> REQUIRED WORK: Take each line of the entries below that contains "mode" and copy it.

BEGIN INFORMATION SHOWN

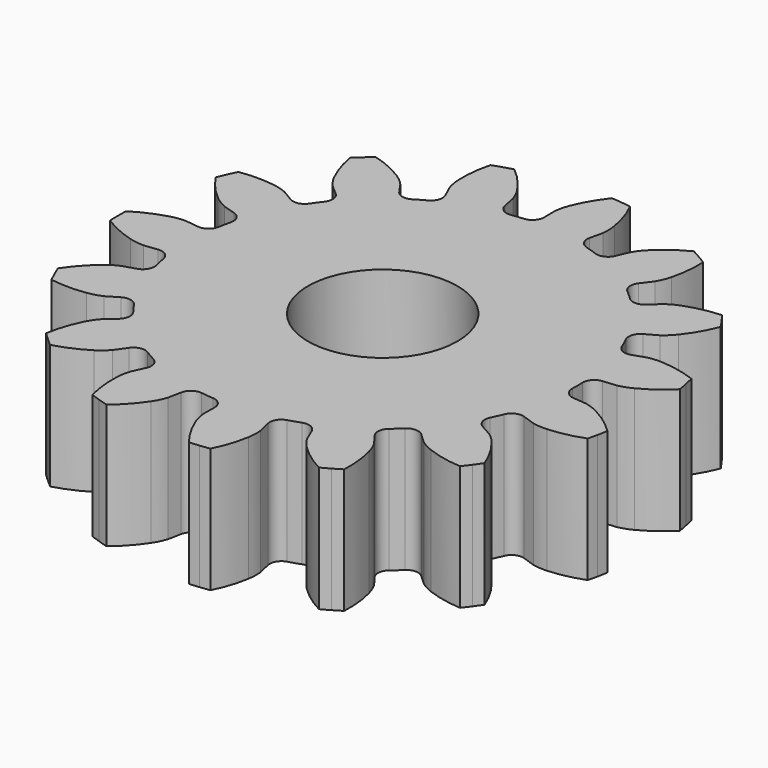
from build123d import *

# Parameters (mm, degrees)
F1_R            = 7.8125
F2_DEPTH        = 5
F4_DEPTH        = 5
F4_COPIES_COUNT = 15
F5_R            = 3
F6_DEPTH        = 3.5
F7_R            = 1.5
F8_DEPTH        = 1.501


# Not quite as in the source:
# - a pattern or mirror of a feature is missing from the dataset's text; its kind, count and spacing are read off the source's solid


with BuildPart() as f2:
    # F1 (on Top) → F2 (new body)
    with BuildSketch(Plane.XY):
        Circle(F1_R)
    extrude(amount=F2_DEPTH)

    # F3 (on Top) → F4 (join)
    with BuildSketch(Plane.XY):
        with BuildLine():
            ThreePointArc((1.1126473792, 10.5665813208), (0.9137266594, 10.5856378453), (0.7144827287, 10.6009499306))
            ThreePointArc((0.7144827287, 10.6009499306), (0.3106908097, 10.0151045947), (0, 9.375))
            ThreePointArc((0, 9.375), (0.9817476875, 9.3234541066), (1.9526996285, 9.1693832487))
            ThreePointArc((1.9526996285, 9.1693832487), (1.782149111, 9.8601619342), (1.5092378696, 10.5172632397))
            ThreePointArc((1.5092378696, 10.5172632397), (1.3111745241, 10.543787098), (1.1126473792, 10.5665813208))
        make_face()
        with BuildLine():
            ThreePointArc((1.9526996285, 9.1693832487), (0.9817476875, 9.3234541066), (0, 9.375))
            ThreePointArc((0, 9.375), (-0.088963902, 9.0964356851), (-0.1400392587, 8.8085052051))
            Line((-0.1400392587, 8.8085052051), (-0.1314291659, 8.2669281704))
            ThreePointArc((-0.1314291659, 8.2669281704), (-0.2543373669, 7.9429946483), (-0.5661508852, 7.7919592803))
            ThreePointArc((-0.5661508852, 7.7919592803), (0.8181230729, 7.7695450888), (2.1767051131, 7.5031400827))
            ThreePointArc((2.1767051131, 7.5031400827), (1.903189279, 7.7158098763), (1.8504482091, 8.05823904))
            Line((1.8504482091, 8.05823904), (1.9716734372, 8.5861445829))
            ThreePointArc((1.9716734372, 8.5861445829), (1.9816907409, 8.8783984229), (1.9526996285, 9.1693832487))
        make_face()
    f4 = extrude(amount=F4_DEPTH)

    # F4_copies: F4 ×15 about axis
    f4_copies_axis = Axis((0, 0, 0), (0, 0, 1))
    for i in range(1, F4_COPIES_COUNT):
        add(f4.rotate(f4_copies_axis, i * 360 / F4_COPIES_COUNT))

    # F5 (on face) → F6 (cut)
    with BuildSketch(Plane.XY.offset(5)):
        Circle(F5_R)
    extrude(amount=-F6_DEPTH, mode=Mode.SUBTRACT)

    # F7 (on face) → F8 (cut, through all)
    with BuildSketch(Plane.XY.offset(1.5)):
        Circle(F7_R)
    extrude(amount=-F8_DEPTH, mode=Mode.SUBTRACT)


solid = f2.part

END INFORMATION SHOWN

> RESULT FOR THIS EXERCISE:
    extrude(amount=-F6_DEPTH, mode=Mode.SUBTRACT)
    extrude(amount=-F8_DEPTH, mode=Mode.SUBTRACT)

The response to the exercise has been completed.